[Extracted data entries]
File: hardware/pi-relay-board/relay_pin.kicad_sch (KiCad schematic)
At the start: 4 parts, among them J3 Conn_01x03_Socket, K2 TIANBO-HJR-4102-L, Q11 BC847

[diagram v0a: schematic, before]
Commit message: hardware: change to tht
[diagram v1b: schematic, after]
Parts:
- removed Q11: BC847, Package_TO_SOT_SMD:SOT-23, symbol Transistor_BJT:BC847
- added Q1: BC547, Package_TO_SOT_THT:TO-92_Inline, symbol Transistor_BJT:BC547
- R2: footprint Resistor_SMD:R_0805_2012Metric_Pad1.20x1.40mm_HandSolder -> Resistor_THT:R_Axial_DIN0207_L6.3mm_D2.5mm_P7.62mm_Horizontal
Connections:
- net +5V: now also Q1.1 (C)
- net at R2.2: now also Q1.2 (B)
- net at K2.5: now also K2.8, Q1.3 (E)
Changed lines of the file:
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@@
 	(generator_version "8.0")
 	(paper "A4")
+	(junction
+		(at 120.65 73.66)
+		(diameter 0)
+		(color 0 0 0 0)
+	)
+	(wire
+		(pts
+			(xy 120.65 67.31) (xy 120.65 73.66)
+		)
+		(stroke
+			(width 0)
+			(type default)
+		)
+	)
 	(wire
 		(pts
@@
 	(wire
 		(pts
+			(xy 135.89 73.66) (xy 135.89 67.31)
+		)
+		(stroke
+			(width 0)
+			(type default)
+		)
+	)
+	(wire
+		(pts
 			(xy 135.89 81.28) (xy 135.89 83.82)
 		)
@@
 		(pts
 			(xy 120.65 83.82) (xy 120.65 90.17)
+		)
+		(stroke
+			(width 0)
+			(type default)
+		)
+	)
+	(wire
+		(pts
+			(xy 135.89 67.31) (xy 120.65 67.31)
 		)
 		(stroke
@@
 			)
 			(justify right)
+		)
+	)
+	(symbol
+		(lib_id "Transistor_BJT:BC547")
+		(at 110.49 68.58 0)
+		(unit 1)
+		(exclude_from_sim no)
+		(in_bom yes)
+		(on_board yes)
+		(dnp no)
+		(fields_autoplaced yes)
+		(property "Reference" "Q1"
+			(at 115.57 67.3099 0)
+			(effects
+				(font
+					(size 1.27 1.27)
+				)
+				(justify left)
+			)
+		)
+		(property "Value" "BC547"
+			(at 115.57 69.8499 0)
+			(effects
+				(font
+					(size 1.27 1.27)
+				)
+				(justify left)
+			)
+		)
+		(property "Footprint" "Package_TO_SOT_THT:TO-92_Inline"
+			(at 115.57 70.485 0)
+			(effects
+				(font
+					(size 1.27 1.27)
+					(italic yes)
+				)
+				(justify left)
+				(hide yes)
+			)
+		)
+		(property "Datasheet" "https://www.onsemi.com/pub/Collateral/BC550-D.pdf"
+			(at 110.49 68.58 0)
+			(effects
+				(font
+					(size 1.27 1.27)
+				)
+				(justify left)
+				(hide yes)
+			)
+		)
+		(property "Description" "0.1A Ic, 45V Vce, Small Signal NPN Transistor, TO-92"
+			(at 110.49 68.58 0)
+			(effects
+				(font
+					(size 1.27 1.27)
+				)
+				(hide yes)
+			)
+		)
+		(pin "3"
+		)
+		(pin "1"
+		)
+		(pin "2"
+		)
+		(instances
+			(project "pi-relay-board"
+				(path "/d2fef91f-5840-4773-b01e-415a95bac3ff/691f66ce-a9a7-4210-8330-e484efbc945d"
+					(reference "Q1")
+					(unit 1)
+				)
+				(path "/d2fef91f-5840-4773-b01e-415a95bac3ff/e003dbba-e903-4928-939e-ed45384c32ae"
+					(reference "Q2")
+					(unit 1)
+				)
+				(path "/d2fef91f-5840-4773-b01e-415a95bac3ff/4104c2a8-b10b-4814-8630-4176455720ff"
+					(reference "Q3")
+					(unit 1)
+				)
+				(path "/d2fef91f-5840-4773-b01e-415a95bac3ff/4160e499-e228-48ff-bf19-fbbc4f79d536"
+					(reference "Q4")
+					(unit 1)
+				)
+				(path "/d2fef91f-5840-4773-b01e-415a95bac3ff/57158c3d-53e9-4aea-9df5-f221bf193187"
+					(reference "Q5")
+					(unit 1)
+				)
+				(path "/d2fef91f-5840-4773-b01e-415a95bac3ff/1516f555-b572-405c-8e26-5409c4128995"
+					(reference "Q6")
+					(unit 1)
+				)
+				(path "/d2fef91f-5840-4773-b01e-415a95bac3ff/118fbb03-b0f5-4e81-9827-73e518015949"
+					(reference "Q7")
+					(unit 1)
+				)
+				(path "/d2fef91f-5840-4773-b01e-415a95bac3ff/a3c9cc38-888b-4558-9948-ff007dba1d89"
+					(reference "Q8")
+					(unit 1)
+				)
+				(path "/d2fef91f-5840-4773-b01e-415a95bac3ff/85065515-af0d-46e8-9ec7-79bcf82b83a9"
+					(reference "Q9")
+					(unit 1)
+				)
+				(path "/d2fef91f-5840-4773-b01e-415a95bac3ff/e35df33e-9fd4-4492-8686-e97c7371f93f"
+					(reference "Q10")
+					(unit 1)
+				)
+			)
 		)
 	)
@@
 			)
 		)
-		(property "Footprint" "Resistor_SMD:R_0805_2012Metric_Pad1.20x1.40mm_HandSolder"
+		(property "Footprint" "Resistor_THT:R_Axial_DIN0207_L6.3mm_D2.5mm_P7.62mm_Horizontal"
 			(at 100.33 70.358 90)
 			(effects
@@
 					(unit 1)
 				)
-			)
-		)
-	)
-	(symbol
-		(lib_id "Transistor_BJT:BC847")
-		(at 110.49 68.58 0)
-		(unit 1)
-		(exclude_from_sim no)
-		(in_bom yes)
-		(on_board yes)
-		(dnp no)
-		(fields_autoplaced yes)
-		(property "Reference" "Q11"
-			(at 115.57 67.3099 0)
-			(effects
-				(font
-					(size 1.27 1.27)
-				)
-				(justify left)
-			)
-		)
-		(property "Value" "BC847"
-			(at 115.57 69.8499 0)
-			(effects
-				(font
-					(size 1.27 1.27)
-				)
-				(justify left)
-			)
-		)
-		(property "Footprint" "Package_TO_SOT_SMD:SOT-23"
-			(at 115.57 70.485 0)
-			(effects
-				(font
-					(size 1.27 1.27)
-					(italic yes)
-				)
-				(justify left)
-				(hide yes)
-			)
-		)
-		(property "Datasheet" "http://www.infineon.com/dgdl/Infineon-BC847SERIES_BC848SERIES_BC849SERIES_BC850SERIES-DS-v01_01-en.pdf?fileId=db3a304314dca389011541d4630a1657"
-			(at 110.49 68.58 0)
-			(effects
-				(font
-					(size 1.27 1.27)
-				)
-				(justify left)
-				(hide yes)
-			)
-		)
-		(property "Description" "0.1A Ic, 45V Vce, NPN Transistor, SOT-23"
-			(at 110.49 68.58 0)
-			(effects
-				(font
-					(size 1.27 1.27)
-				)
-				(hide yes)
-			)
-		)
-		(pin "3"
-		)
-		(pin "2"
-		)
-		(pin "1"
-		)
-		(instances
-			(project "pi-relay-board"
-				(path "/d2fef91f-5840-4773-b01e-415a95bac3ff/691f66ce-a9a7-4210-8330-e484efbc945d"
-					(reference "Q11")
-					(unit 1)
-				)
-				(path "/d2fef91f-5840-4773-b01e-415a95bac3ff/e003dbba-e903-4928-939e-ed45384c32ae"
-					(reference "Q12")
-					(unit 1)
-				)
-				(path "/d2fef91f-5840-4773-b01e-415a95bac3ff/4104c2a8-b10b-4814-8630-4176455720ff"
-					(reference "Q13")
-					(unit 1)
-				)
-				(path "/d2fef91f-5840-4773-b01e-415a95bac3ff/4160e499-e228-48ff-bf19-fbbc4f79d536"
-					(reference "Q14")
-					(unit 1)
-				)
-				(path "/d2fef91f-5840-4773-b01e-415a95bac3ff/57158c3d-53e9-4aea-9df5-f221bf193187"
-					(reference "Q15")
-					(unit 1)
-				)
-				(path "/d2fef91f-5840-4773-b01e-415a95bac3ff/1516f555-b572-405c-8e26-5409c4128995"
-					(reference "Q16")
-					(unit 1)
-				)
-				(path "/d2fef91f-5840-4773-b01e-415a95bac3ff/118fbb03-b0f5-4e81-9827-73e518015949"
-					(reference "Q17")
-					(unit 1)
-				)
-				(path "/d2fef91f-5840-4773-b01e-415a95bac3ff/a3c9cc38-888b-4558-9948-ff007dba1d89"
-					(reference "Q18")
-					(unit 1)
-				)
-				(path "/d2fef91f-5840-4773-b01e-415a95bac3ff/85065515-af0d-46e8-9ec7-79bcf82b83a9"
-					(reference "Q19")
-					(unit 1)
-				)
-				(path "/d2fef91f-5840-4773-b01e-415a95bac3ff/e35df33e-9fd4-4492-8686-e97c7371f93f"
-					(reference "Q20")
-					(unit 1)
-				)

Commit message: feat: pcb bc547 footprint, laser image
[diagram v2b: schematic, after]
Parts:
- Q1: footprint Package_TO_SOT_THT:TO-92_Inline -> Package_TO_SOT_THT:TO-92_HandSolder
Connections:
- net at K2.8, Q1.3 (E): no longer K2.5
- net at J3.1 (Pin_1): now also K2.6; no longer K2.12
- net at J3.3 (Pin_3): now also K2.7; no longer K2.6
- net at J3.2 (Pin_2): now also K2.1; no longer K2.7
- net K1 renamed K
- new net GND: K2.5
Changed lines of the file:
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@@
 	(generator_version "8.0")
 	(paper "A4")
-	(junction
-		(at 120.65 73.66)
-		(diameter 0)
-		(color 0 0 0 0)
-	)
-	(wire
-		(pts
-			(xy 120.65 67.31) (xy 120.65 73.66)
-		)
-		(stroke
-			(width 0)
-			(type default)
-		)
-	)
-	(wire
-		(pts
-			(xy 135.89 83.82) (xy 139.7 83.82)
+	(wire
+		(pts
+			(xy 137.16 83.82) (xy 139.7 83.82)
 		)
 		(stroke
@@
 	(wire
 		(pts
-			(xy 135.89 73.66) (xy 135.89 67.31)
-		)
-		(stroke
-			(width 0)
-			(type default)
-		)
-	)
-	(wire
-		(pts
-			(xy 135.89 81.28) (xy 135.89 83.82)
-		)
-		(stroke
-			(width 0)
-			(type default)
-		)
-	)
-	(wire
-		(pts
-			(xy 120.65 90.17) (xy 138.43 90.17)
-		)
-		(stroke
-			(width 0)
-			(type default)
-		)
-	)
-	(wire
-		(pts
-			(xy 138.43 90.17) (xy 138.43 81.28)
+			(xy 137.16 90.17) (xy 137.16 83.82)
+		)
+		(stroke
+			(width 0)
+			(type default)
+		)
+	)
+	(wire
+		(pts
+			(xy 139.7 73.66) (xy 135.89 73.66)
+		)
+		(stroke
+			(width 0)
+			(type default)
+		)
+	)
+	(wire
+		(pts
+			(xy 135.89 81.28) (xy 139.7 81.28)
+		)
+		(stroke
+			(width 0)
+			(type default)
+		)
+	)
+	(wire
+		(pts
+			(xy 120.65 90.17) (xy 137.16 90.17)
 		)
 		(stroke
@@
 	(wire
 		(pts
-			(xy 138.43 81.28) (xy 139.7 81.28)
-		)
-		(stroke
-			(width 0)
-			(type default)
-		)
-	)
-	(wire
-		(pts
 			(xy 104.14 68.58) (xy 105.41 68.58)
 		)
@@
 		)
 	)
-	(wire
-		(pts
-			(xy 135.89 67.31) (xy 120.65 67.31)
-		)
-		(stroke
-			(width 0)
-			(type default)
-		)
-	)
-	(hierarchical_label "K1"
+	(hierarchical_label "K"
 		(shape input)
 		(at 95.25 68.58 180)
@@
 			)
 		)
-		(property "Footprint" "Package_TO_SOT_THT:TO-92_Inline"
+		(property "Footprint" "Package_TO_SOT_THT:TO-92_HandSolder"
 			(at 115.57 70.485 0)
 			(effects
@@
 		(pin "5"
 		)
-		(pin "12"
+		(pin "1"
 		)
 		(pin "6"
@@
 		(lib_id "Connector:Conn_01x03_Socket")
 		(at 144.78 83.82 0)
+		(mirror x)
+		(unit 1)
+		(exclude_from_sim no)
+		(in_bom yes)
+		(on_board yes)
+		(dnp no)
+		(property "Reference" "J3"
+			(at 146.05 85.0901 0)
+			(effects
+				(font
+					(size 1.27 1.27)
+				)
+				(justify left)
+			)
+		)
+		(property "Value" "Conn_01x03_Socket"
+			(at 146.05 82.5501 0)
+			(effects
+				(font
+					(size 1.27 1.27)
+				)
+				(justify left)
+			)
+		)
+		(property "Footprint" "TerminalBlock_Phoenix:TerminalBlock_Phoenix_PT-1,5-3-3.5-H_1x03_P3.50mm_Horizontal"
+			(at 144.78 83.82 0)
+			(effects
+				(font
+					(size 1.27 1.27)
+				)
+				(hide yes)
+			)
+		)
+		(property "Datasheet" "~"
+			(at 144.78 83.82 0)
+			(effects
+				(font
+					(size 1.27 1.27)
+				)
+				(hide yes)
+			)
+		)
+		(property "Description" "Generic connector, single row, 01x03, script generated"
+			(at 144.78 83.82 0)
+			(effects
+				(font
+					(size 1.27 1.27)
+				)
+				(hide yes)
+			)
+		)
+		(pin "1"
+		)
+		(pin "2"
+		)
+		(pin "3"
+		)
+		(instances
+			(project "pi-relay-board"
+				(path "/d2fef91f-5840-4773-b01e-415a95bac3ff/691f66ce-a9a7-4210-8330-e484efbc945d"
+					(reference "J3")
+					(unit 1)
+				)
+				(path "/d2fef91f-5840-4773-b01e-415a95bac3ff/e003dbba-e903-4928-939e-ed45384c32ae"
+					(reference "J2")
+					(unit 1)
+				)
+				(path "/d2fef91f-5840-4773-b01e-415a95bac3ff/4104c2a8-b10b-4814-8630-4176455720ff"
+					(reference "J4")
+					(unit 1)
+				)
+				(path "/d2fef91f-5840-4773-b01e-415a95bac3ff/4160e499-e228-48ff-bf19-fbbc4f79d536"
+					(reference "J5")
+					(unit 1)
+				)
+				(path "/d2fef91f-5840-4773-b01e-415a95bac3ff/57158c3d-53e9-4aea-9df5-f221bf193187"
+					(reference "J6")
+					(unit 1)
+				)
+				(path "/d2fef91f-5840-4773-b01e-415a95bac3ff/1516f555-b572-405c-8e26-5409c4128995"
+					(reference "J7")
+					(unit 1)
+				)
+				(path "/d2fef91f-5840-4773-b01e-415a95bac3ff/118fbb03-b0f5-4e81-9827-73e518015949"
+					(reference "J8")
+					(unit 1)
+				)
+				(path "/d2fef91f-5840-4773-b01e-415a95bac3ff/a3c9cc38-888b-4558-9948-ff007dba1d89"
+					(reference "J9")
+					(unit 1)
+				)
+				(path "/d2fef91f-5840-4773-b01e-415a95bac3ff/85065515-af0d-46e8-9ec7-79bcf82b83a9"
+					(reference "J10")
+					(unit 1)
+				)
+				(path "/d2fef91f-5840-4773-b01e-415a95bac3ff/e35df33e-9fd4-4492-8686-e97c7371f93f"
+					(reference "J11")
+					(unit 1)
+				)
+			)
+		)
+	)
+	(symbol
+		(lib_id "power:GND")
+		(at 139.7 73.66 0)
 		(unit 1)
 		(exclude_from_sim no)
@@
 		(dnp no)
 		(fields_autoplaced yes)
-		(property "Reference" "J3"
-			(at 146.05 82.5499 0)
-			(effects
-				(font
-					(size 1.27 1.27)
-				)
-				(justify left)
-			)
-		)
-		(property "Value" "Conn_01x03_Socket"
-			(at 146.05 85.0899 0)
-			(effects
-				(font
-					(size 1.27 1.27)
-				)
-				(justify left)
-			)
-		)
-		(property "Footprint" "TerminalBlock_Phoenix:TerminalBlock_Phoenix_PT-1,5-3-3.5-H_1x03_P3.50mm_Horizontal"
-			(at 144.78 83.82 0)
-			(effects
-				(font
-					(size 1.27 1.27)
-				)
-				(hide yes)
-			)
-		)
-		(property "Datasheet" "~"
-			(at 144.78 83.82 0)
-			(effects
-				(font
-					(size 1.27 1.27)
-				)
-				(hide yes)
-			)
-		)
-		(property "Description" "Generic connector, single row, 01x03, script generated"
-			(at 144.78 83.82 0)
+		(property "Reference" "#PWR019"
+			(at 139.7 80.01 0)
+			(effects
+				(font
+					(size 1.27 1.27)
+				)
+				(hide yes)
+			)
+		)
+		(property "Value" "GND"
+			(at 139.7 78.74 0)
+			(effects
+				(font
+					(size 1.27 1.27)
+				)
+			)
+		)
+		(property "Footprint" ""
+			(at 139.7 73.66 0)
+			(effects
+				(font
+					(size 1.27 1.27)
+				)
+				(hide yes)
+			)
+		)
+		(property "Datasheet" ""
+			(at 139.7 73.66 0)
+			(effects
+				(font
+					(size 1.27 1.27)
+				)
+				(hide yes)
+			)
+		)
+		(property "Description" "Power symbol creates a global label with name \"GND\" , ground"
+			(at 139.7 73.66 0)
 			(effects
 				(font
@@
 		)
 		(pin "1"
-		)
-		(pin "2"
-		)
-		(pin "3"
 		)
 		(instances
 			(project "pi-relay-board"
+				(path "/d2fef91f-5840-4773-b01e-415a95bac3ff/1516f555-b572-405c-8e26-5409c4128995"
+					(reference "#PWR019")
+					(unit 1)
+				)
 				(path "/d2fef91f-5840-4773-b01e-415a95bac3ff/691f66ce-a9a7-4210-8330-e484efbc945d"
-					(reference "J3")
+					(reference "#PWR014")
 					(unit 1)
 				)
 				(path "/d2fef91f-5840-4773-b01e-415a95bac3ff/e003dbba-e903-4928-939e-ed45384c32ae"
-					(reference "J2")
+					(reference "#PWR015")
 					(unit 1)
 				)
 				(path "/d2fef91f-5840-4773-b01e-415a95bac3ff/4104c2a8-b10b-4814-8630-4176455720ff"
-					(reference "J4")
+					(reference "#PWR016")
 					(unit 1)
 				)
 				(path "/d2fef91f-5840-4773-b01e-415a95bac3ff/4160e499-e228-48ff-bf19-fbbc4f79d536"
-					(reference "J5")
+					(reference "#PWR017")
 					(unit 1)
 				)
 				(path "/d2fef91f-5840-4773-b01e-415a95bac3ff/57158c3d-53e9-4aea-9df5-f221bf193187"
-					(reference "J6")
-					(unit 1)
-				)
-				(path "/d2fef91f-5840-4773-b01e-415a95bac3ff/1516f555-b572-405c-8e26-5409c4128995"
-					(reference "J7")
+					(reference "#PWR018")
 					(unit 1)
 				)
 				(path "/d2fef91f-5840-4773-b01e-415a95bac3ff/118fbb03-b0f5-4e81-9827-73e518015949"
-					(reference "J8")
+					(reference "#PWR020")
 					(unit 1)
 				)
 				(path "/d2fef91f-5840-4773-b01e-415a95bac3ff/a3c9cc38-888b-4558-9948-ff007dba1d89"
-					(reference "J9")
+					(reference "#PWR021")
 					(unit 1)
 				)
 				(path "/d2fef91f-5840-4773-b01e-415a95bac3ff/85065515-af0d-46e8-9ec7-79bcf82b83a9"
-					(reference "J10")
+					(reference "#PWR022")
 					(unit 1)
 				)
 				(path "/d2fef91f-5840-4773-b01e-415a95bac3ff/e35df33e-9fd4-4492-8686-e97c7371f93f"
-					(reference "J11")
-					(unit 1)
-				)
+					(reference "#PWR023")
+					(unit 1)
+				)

◆ **ACTIVITY**
Look for the word "diagram". Copy out every line of the data that has it.

◆ **TASK RESPONSE**
[diagram v0a: schematic, before]
[diagram v1b: schematic, after]
[diagram v2b: schematic, after]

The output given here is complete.